ROB MORRISON: For decades white mice have been the animals used in science laboratories and scientific research. They've helped us uncover mysteries about how our bodies and minds work. But in recent times a very different research animal has been replacing them. It's the zebra fish. This little fish comes from Asia but it's now popular in aquariums worldwide. Easy to keep, zebra fish produce hundreds of eggs which develop independent of their parents and in only a few days. But what can fish development reveal about human development?

DR MICHAEL LARDELLI: They're still a backboned animal like ourselves, a vertebrate animal, as we say. And that means that by studying them we can find answers to questions which are really relevant to human biology and human disease. For me, the most exciting thing about zebra fish... ..I can't point one thing, it's the whole package. It takes a lot to run a mouse facility. With the fish we can keep them at much higher densities, we don't need to have as many personnel to take care of them, just our research costs become much lower. Now, the scientific reasons why we find this organism very useful are that, firstly, we can do something called 'genetic screening'. That's a very powerful technique that can be used in zebra fish. And it's difficult to do that in mice. The other scientific reason is the accessibility of the developing embryo from the fish. So unlike mice, fish lay their eggs into the external environment. And the embryo is independent of the mother once it's fertilised.

BEN TUCKER: It's a very accessible embryo and it's easy to image it. Given that the embryo is transparent, we can use any number of imaging techniques to see any part of the fish at any point. So we can see all of its organs from a very early stage through to a fairly late stage.

ROB MORRISON: Just how an embryo develops, whether a mouse, a fish or a person, depends on the genes it inherits. Each gene carries a message about how body parts should develop or function. If the genes are normal, so is development, while faulty genes produce a faulty embryo. But what are genes? And where are they in the egg?
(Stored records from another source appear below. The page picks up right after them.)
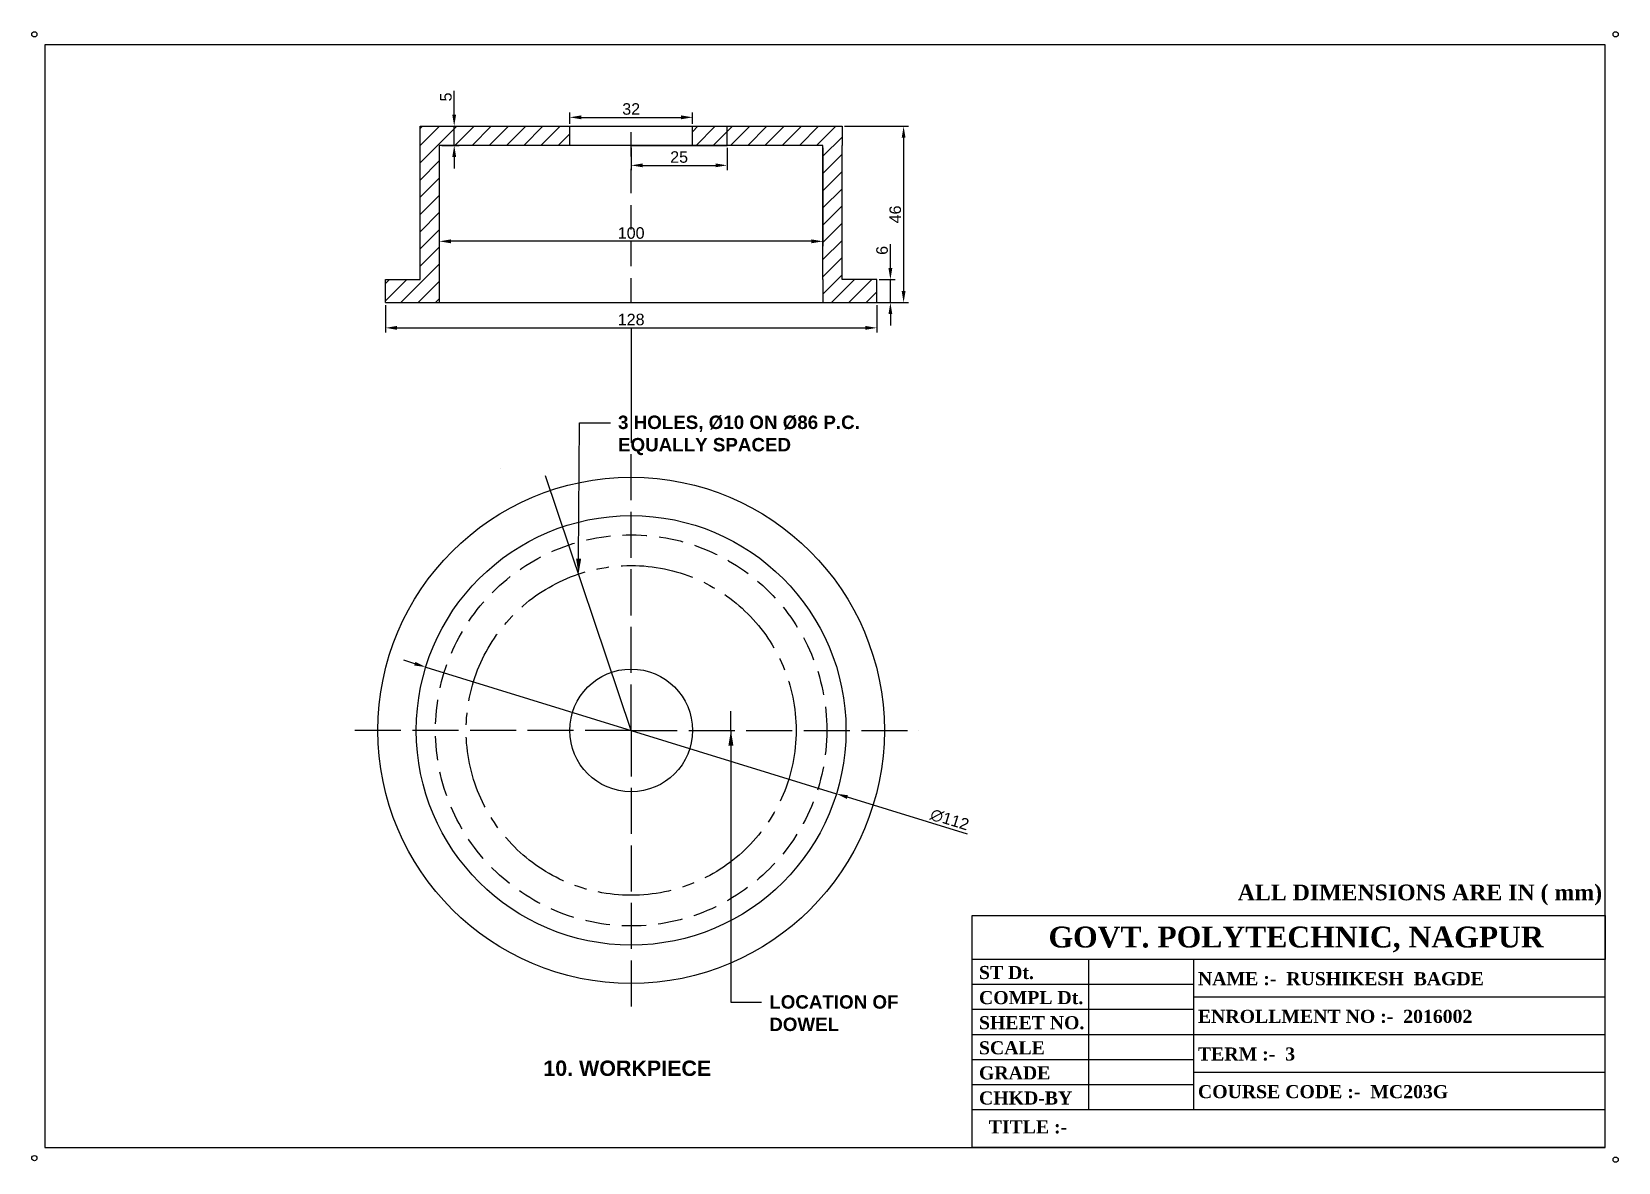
# Model space of a CAD drawing. Header units: millimetres. Extents: x -438 to -25, y -18 to 277.
import ezdxf
from ezdxf import colors
from ezdxf.entities.mleader import LeaderData, LeaderLine
from ezdxf.math import Vec2, Vec3

# ---------------------------------------------------------------- set-up
doc = ezdxf.new("R2010")
doc.units = ezdxf.units.MM
for name, pattern in [('ACAD_ISO02W100', [15, 12, -3]), ('CENTER2', [28.575, 19.05, -3.175, 3.175, -3.175]), ('HIDDEN', [9.525, 6.35, -3.175])]:
    doc.linetypes.add(name, pattern=pattern)
doc.styles.get("Standard").update_dxf_attribs({"font": 'arial.ttf'})
doc.dimstyles.new('ISO-25', dxfattribs={"dimtxt": 3, "dimasz": 3, "dimexe": 1.25, "dimexo": 0.625, "dimtad": 1, "dimtxsty": 'Standard', "dimcen": 2.5, "dimadec": 0, "dimazin": 0, "dimtfac": 1, "dimtmove": 0, "dimatfit": 3, "dimfxl": 1, "dimarcsym": 0})

# ---------------------------------------------------------------- blocks, each defined once
blk = doc.blocks.new('*D2')
at = {"color": 0, "lineweight": -2, "transparency": 16777216}
for p, q in [((-328.25, 255.1), (-328.25, 261.33)), ((-331.51, 252.1), (-327, 252.1)), ((-328.25, 247.09), (-328.25, 252.1)), ((-331.51, 247.09), (-327, 247.09)), ((-328.25, 244.09), (-328.25, 241.09))]:
    blk.add_line(p, q, dxfattribs=at)
at = {"color": 0, "transparency": 16777216}
for points in [[(-328.75, 255.1), (-327.75, 255.1), (-328.25, 252.1)], [(-328.75, 244.09), (-327.75, 244.09), (-328.25, 247.09)]]:
    blk.add_solid(points, dxfattribs=at)
at = {"layer": 'Defpoints', "color": 0, "transparency": 16777216}
for p in [(-332.13, 252.1), (-328.25, 252.1), (-332.13, 247.09)]:
    blk.add_point(p, dxfattribs=at)
at = {"color": 0, "transparency": 16777216, "insert": (-330.4, 259.71), "char_height": 3, "attachment_point": 5, "rotation": 90}
blk.add_mtext('5', dxfattribs=at)
blk = doc.blocks.new('*D4')
at = {"color": 0, "lineweight": -2, "transparency": 16777216}
for p, q in [((-346.13, 205.47), (-346.13, 198.26)), ((-218.13, 205.47), (-218.13, 198.26)), ((-343.13, 199.51), (-221.13, 199.51))]:
    blk.add_line(p, q, dxfattribs=at)
at = {"color": 0, "transparency": 16777216}
for points in [[(-343.13, 200.01), (-343.13, 199.01), (-346.13, 199.51)], [(-221.13, 200.01), (-221.13, 199.01), (-218.13, 199.51)]]:
    blk.add_solid(points, dxfattribs=at)
at = {"layer": 'Defpoints', "color": 0, "transparency": 16777216}
for p in [(-346.13, 206.09), (-218.13, 206.09), (-218.13, 199.51)]:
    blk.add_point(p, dxfattribs=at)
at = {"color": 0, "transparency": 16777216, "insert": (-282.13, 201.67), "char_height": 3, "attachment_point": 5}
blk.add_mtext('128', dxfattribs=at)
blk = doc.blocks.new('*D6')
at = {"color": 0, "lineweight": -2, "transparency": 16777216}
for p, q in [((-214.56, 215.09), (-214.56, 221.32)), ((-217.51, 212.09), (-213.31, 212.09)), ((-214.56, 206.09), (-214.56, 212.09)), ((-217.51, 206.09), (-213.31, 206.09)), ((-214.56, 203.09), (-214.56, 200.09))]:
    blk.add_line(p, q, dxfattribs=at)
at = {"color": 0, "transparency": 16777216}
for points in [[(-215.06, 215.09), (-214.06, 215.09), (-214.56, 212.09)], [(-215.06, 203.09), (-214.06, 203.09), (-214.56, 206.09)]]:
    blk.add_solid(points, dxfattribs=at)
at = {"layer": 'Defpoints', "color": 0, "transparency": 16777216}
for p in [(-218.13, 212.09), (-218.13, 206.09), (-214.56, 206.09)]:
    blk.add_point(p, dxfattribs=at)
at = {"color": 0, "transparency": 16777216, "insert": (-216.72, 219.71), "char_height": 3, "attachment_point": 5, "rotation": 90}
blk.add_mtext('6', dxfattribs=at)
blk = doc.blocks.new('*D7')
at = {"color": 0, "lineweight": -2, "transparency": 16777216}
for p, q in [((-226.51, 252.09), (-209.87, 252.09)), ((-211.12, 249.09), (-211.12, 209.09)), ((-226.51, 206.09), (-209.87, 206.09))]:
    blk.add_line(p, q, dxfattribs=at)
at = {"color": 0, "transparency": 16777216}
for points in [[(-211.62, 249.09), (-210.62, 249.09), (-211.12, 252.09)], [(-211.62, 209.09), (-210.62, 209.09), (-211.12, 206.09)]]:
    blk.add_solid(points, dxfattribs=at)
at = {"layer": 'Defpoints', "color": 0, "transparency": 16777216}
for p in [(-227.13, 252.09), (-227.13, 206.09), (-211.12, 206.09)]:
    blk.add_point(p, dxfattribs=at)
at = {"color": 0, "transparency": 16777216, "insert": (-213.28, 229.09), "char_height": 3, "attachment_point": 5, "rotation": 90}
blk.add_mtext('46', dxfattribs=at)
blk = doc.blocks.new('*D8')
at = {"color": 0, "lineweight": -2, "transparency": 16777216}
for p, q in [((-332.13, 246.47), (-332.13, 220.83)), ((-232.13, 246.47), (-232.13, 220.83)), ((-235.13, 222.08), (-329.13, 222.08))]:
    blk.add_line(p, q, dxfattribs=at)
at = {"color": 0, "transparency": 16777216}
for points in [[(-329.13, 222.58), (-329.13, 221.58), (-332.13, 222.08)], [(-235.13, 222.58), (-235.13, 221.58), (-232.13, 222.08)]]:
    blk.add_solid(points, dxfattribs=at)
at = {"layer": 'Defpoints', "color": 0, "transparency": 16777216}
for p in [(-332.13, 247.09), (-232.13, 247.09), (-332.13, 222.08)]:
    blk.add_point(p, dxfattribs=at)
at = {"color": 0, "transparency": 16777216, "insert": (-282.13, 224.23), "char_height": 3, "attachment_point": 5}
blk.add_mtext('100', dxfattribs=at)
blk = doc.blocks.new('*D9')
at = {"color": 0, "lineweight": -2, "transparency": 16777216}
for p, q in [((-282.13, 246.47), (-282.13, 240.64)), ((-257.13, 246.47), (-257.13, 240.64)), ((-279.13, 241.89), (-260.13, 241.89))]:
    blk.add_line(p, q, dxfattribs=at)
at = {"color": 0, "transparency": 16777216}
for points in [[(-279.13, 242.39), (-279.13, 241.39), (-282.13, 241.89)], [(-260.13, 242.39), (-260.13, 241.39), (-257.13, 241.89)]]:
    blk.add_solid(points, dxfattribs=at)
at = {"layer": 'Defpoints', "color": 0, "transparency": 16777216}
for p in [(-282.13, 247.09), (-257.13, 247.09), (-257.13, 241.89)]:
    blk.add_point(p, dxfattribs=at)
at = {"color": 0, "transparency": 16777216, "insert": (-269.63, 244.04), "char_height": 3, "attachment_point": 5}
blk.add_mtext('25', dxfattribs=at)
blk = doc.blocks.new('*D10')
at = {"color": 0, "lineweight": -2, "transparency": 16777216}
for p, q in [((-298.13, 252.72), (-298.13, 255.66)), ((-295.13, 254.41), (-269.13, 254.41)), ((-266.13, 252.72), (-266.13, 255.66))]:
    blk.add_line(p, q, dxfattribs=at)
at = {"color": 0, "transparency": 16777216}
for points in [[(-295.13, 254.91), (-295.13, 253.91), (-298.13, 254.41)], [(-269.13, 254.91), (-269.13, 253.91), (-266.13, 254.41)]]:
    blk.add_solid(points, dxfattribs=at)
at = {"layer": 'Defpoints', "color": 0, "transparency": 16777216}
for p in [(-266.13, 254.41), (-298.13, 252.09), (-266.13, 252.09)]:
    blk.add_point(p, dxfattribs=at)
at = {"color": 0, "transparency": 16777216, "insert": (-282.13, 256.57), "char_height": 3, "attachment_point": 5}
blk.add_mtext('32', dxfattribs=at)
blk = doc.blocks.new('*D11')
at = {"color": 0, "lineweight": -2, "transparency": 16777216}
for p, q in [((-338.51, 111.94), (-341.38, 112.83)), ((-335.64, 111.06), (-228.62, 78.03)), ((-194.46, 67.49), (-225.76, 77.15))]:
    blk.add_line(p, q, dxfattribs=at)
at = {"color": 0, "transparency": 16777216}
for points in [[(-338.36, 112.42), (-338.66, 111.46), (-335.64, 111.06)], [(-225.61, 77.62), (-225.91, 76.67), (-228.62, 78.03)]]:
    blk.add_solid(points, dxfattribs=at)
at = {"layer": 'Defpoints', "color": 0, "transparency": 16777216}
for p in [(-335.64, 111.06), (-228.62, 78.03)]:
    blk.add_point(p, dxfattribs=at)
at = {"color": 0, "transparency": 16777216, "insert": (-199.11, 71.27), "char_height": 3, "attachment_point": 5, "rotation": 342.8502}
blk.add_mtext('∅112', dxfattribs=at)
blk = doc.blocks.new('TEMPLATE')
for p, q in [((2, -2), (2, -212)), ((299, -2), (2, -2)), ((299, -212), (299, -2)), ((178.52, -212), (178.52, -167.8)), ((178.52, -167.8), (299, -167.8)), ((299, -167.8), (299, -176.17)), ((299, -176.17), (178.52, -176.17)), ((200.7, -204.85), (200.7, -176.17)), ((220.71, -204.85), (220.71, -176.17)), ((220.71, -180.95), (178.52, -180.95)), ((299, -183.34), (220.71, -183.34)), ((220.71, -185.73), (178.52, -185.73)), ((299, -190.51), (178.52, -190.51)), ((220.71, -190.51), (178.52, -190.51)), ((220.71, -195.29), (178.52, -195.29)), ((299, -197.68), (220.71, -197.68)), ((220.71, -200.07), (178.52, -200.07)), ((299, -204.85), (178.52, -204.85)), ((2, -212), (299, -212)), ((299, -212), (178.52, -212))]:
    blk.add_line(p, q)
for centre in [(0, 0), (301, 0), (0, -214.02), (301, -214.31)]:
    blk.add_circle(centre, 0.5)
at = {"insert": (229.06, -161.92), "char_height": 3, "attachment_point": 1}
blk.add_mtext('{\\fTimes New Roman|b1|i0|c0|p18;ALL DIMENSIONS ARE IN ( mm) }', dxfattribs=at)
at = {"attachment_point": 1}
for s, width, heights, insert, char_height in [('{\\fTimes New Roman|b1|i0|c0|p18;GOVT. POLYTECHNIC, NAGPUR}', 98.5096, [0], (193.04, -169.92), 3.9838), ('{\\fTimes New Roman|b1|i0|c0|p18;ST Dt.}', 23.1638, [0], (179.81, -177.42), 2.4899), ('{\\fTimes New Roman|b1|i0|c0|p18;NAME :-  RUSHIKESH  BAGDE}', 61.0227, [0], (221.49, -178.6), 2.4899), ('{\\fTimes New Roman|b1|i0|c0|p18;COMPL Dt.}', 23.1638, [0], (179.81, -182.2), 2.4899), ('{\\fTimes New Roman|b1|i0|c0|p18;SHEET NO.}', 23.1638, [0], (179.81, -186.98), 2.4899), ('{\\fTimes New Roman|b1|i0|c0|p18;ENROLLMENT NO :-  2016002}', 56.3869, [0], (221.49, -185.77), 2.4899), ('{\\fTimes New Roman|b1|i0|c0|p18;SCALE}', 23.1638, [0], (179.81, -191.76), 2.4899), ('{\\fTimes New Roman|b1|i0|c0|p18;TERM :-  3}', 38.4876, [2.53], (221.49, -192.94), 2.4899), ('{\\fTimes New Roman|b1|i0|c0|p18;GRADE}', 23.1638, [0], (179.81, -196.54), 2.4899), ('{\\fTimes New Roman|b1|i0|c0|p18;CHKD-BY}', 23.1638, [0], (179.81, -201.32), 2.4899), ('{\\fTimes New Roman|b1|i0|c0|p18;COURSE CODE :-  MC203G}', 50.1424, [0], (221.49, -200.11), 2.4899), ('{\\fTimes New Roman|b1|i0|c0|p18;TITLE :-}', 23.1638, [0], (181.66, -206.82), 2.4899)]:
    blk.add_mtext_dynamic_manual_height_columns(s, width=width, gutter_width=12.5, heights=heights, dxfattribs=dict(at, insert=insert, char_height=char_height))

msp = doc.modelspace()

# ---------------------------------------------------------------- hatches: boundary and pattern name
h = msp.add_hatch()
h.set_pattern_fill('ANSI31', color=256)
h.set_pattern_definition([(45, (-355.1606, 0), (-2.245064, 2.245064), [])])
h.paths.add_polyline_path([(-332.134, 247.093), (-298.134, 247.093), (-298.134, 252.093), (-337.134, 252.093), (-337.134, 212.093), (-346.134, 212.093), (-346.134, 206.093), (-332.134, 206.093)])
h.paths.add_polyline_path([(-257.134, 252.093), (-266.134, 252.093), (-266.134, 247.093), (-257.134, 247.093)])
h.paths.add_polyline_path([(-227.134, 252.093), (-257.134, 252.093), (-257.134, 247.093), (-232.134, 247.093), (-232.134, 212.093), (-232.134, 206.093), (-218.134, 206.093), (-218.134, 212.093), (-227.134, 212.093), (-227.134, 247.093)])

# ---------------------------------------------------------------- linework, layer by layer
for p, q in [((-337.134, 212.093), (-337.134, 252.093)), ((-337.134, 252.093), (-227.134, 252.093)), ((-298.134, 247.093), (-298.134, 252.093)), ((-266.134, 247.093), (-266.134, 252.093)), ((-257.134, 247.093), (-257.134, 252.093)), ((-227.134, 252.093), (-227.134, 247.093)), ((-232.134, 247.093), (-332.134, 247.093)), ((-332.134, 247.093), (-332.134, 206.093)), ((-282.134, 247.093), (-298.134, 247.093)), ((-282.134, 247.093), (-266.134, 247.093)), ((-266.134, 247.093), (-257.134, 247.093)), ((-232.134, 212.093), (-232.134, 247.093)), ((-227.134, 212.093), (-227.134, 247.093)), ((-346.134, 206.093), (-346.134, 212.093)), ((-346.134, 212.093), (-337.134, 212.093)), ((-232.134, 212.093), (-232.134, 206.093)), ((-218.134, 212.093), (-227.134, 212.093)), ((-218.134, 206.093), (-218.134, 212.093)), ((-346.134, 206.093), (-218.134, 206.093)), ((-282.134, 199.514), (-282.134, 169.545)), ((-316.162, 162.852), (-316.162, 162.852)), ((-282.134, 94.545), (-304.469, 160.886)), ((-256.134, 94.545), (-256.134, 99.545)), ((-282.134, 94.545), (-282.134, 94.545)), ((-282.134, 94.545), (-282.134, 94.545)), ((-256.134, 94.545), (-256.134, 89.545))]:
    msp.add_line(p, q)
at = {"linetype": 'HIDDEN'}
for p, q in [((-282.134, 206.093), (-282.134, 252.093)), ((-266.134, 94.545), (-256.134, 94.545))]:
    msp.add_line(p, q, dxfattribs=at)
at = {"linetype": 'ACAD_ISO02W100'}
for q in [(-282.134, 169.545), (-357.134, 94.545), (-282.134, 19.545), (-207.134, 94.545)]:
    msp.add_line((-282.134, 94.545), q, dxfattribs=at)
for radius in [66, 56, 16]:
    msp.add_circle((-282.134, 94.545), radius)
at = {"linetype": 'HIDDEN'}
msp.add_circle((-282.134, 94.545), 51, dxfattribs=at)
at = {"linetype": 'CENTER2'}
msp.add_circle((-282.134, 94.545), 43, dxfattribs=at)

# ---------------------------------------------------------------- block references
at = {"xscale": 1.369268516937288, "yscale": 1.369268516937288, "zscale": 1.369268516937288}
msp.add_blockref('TEMPLATE', (-437.682, 276.052), dxfattribs=at)

# ---------------------------------------------------------------- texts
at = {"insert": (-305.035, 8.446), "char_height": 4, "attachment_point": 1}
msp.add_mtext_dynamic_manual_height_columns('\\pxt1;{\\fArial|b1|i0|c0|p34;10. WORKPIECE}', width=53.42701, gutter_width=12.5, heights=[0], dxfattribs=at)

# ---------------------------------------------------------------- dimensions: what is measured, and where the dimension line sits
for base, p1, p2, picture, middle in [((-328.252, 252.095), (-332.134, 247.093), (-332.134, 252.095), '*D2', (-328.252, 259.715)), ((-214.563, 206.093), (-218.134, 212.093), (-218.134, 206.093), '*D6', (-214.563, 219.708))]:
    dim = msp.add_linear_dim(base=base, p1=p1, p2=p2, angle=90, dimstyle='ISO-25')
    dim.commit()
    dim.dimension.update_dxf_attribs({"geometry": picture, "text_midpoint": middle, "dimtype": 160})
for base, p1, p2, picture, middle in [((-266.134, 254.412), (-298.134, 252.093), (-266.134, 252.093), '*D10', (-282.134, 256.569)), ((-332.134, 222.078), (-232.134, 247.093), (-332.134, 247.093), '*D8', (-282.134, 224.235)), ((-257.134, 241.886), (-282.134, 247.093), (-257.134, 247.093), '*D9', (-269.634, 244.043)), ((-218.134, 199.514), (-346.134, 206.093), (-218.134, 206.093), '*D4', (-282.134, 201.671))]:
    dim = msp.add_linear_dim(base=base, p1=p1, p2=p2, dimstyle='ISO-25')
    dim.commit()
    dim.dimension.update_dxf_attribs({"geometry": picture, "text_midpoint": middle})
dim = msp.add_linear_dim(base=(-211.118, 206.093), p1=(-227.134, 252.093), p2=(-227.134, 206.093), angle=90, dimstyle='ISO-25')
dim.commit()
dim.dimension.update_dxf_attribs({"geometry": '*D7', "text_midpoint": (-213.275, 229.093)})
dim = msp.add_diameter_dim_2p(p1=(-335.644, 111.057), p2=(-228.624, 78.032), dimstyle='ISO-25')
dim.commit()
dim.dimension.update_dxf_attribs({"geometry": '*D11', "text_midpoint": (-199.771, 69.128), "dimtype": 163})

# ---------------------------------------------------------------- leaders
ml = msp.add_multileader_mtext('Standard')
ml.set_content('{\\fArial|b1|i0|c0|p34;3 HOLES, Ø10 ON Ø86 P.C. EQUALLY SPACED}', color=256)
ml.set_leader_properties()
ml.build(insert=Vec2(0, 0))
ctx = ml.context
ctx.base_point, ctx.char_height, ctx.plane_origin = Vec3(-287.557, 174.708), 3.5, Vec3(-295.557, 134.372)
notes = []
notes.append((ctx, [(0, (1, 1, 0), (-295.557, 174.708), (1, 0), 8, [(0, [(-295.854, 135.297)], 0, [])])]))
ctx.mtext.insert, ctx.mtext.width, ctx.mtext.flow_direction = Vec3(-285.557, 176.634), 73.56054, 5
ml = msp.add_multileader_mtext('Standard')
ml.set_content('{\\fArial|b1|i0|c0|p34;LOCATION OF DOWEL}', color=256)
ml.set_leader_properties()
ml.build(insert=Vec2(0, 0))
ctx = ml.context
ctx.base_point, ctx.char_height, ctx.plane_origin = Vec3(-248.134, 23.696), 3.5, Vec3(-256.134, 94.545)
notes.append((ctx, [(0, (1, 1, 0), (-256.134, 23.696), (1, 0), 8, [(0, [(-256.134, 94.545)], 0, [])])]))
ctx.mtext.insert, ctx.mtext.width, ctx.mtext.flow_direction = Vec3(-246.134, 25.476), 42.13945, 5
for ctx, leaders in notes:
    for number, flags, end, landing, length, lines in leaders:
        leader = LeaderData()
        leader.index, (leader.has_last_leader_line, leader.has_dogleg_vector, leader.attachment_direction) = number, flags
        leader.last_leader_point, leader.dogleg_vector, leader.dogleg_length = Vec3(end), Vec3(landing), length
        for number, points, colour, breaks in lines:
            line = LeaderLine()
            line.index, line.vertices, line.color, line.breaks = number, Vec3.list(points), colors.encode_raw_color(colour), breaks
            leader.lines.append(line)
        ctx.leaders.append(leader)

doc.saveas('drawing.dxf')

DR MICHAEL LARDELLI: Basically it's a single cell and within that cell is a nucleus. And within that nucleus are long molecules of DNA. And these very long molecules we call chromosomes.

ROB MORRISON: In short, the chromosomes, which we inherit from our parents, are a little like strings of beads. Each bead is a gene, responsible for part of our development - behaviour, appearance, physiology, just about everything we are or do. And, surprisingly, humans share many of their genes with mice and even fish.

DR MICHAEL LARDELLI: So if we want to understand what those genes are doing in human disease it's useful for us to understand what they're doing in the embryo.

BEN TUCKER: Normally these genes can turn themselves on and off and we can inject a chemical against a specific gene to make it turn off, so taking out the function of a specific gene.

DR MICHAEL LARDELLI: We can use these labelled cells in living embryos to actually follow what those cells do. They can migrate, they can divide in certain ways. And that great accessibility of the embryo and the ability to do these techniques on these accessible embryos is what makes them very useful for us.

ROB MORRISON: Time-lapse photography condenses the few days of development into a minute, showing how a single fertilised egg divides repeatedly, the masses of cells forming different parts of the body. Labelled cells can be traced, allowing researchers to see how altered genes affect the developing fish. In this laboratory they're especially interested in genes that cause some serious human diseases.

DR MICHAEL LARDELLI: In our laboratory we've been looking at two different human genetic diseases. One of our students has been investigating the gene behind the fragile X syndrome and has found some interesting things recently. And we've been investigating one of the most important genes for inherited Alzheimer's disease and we've been able to find out things about the way that gene works that has not been possible to find out in mice or in any other system.

BEN TUCKER: Fragile X is where the chromosome has a genetic mutation in it, which means that the genes on part of the X chromosome are no longer functional. The loss of this fragile X gene leads to a number of abnormalities in humans, like mental retardation and mildly abnormal facial features.

ROB MORRISON: Once a gene can be detected and its effects understood, researchers have a valuable tool for early diagnosis of diseases and possibly for their treatment. So these little fish seem destined to play an increasing research role as they reveal the mysteries of how we become what we are and help scientists discover how to prevent things from going wrong along the way.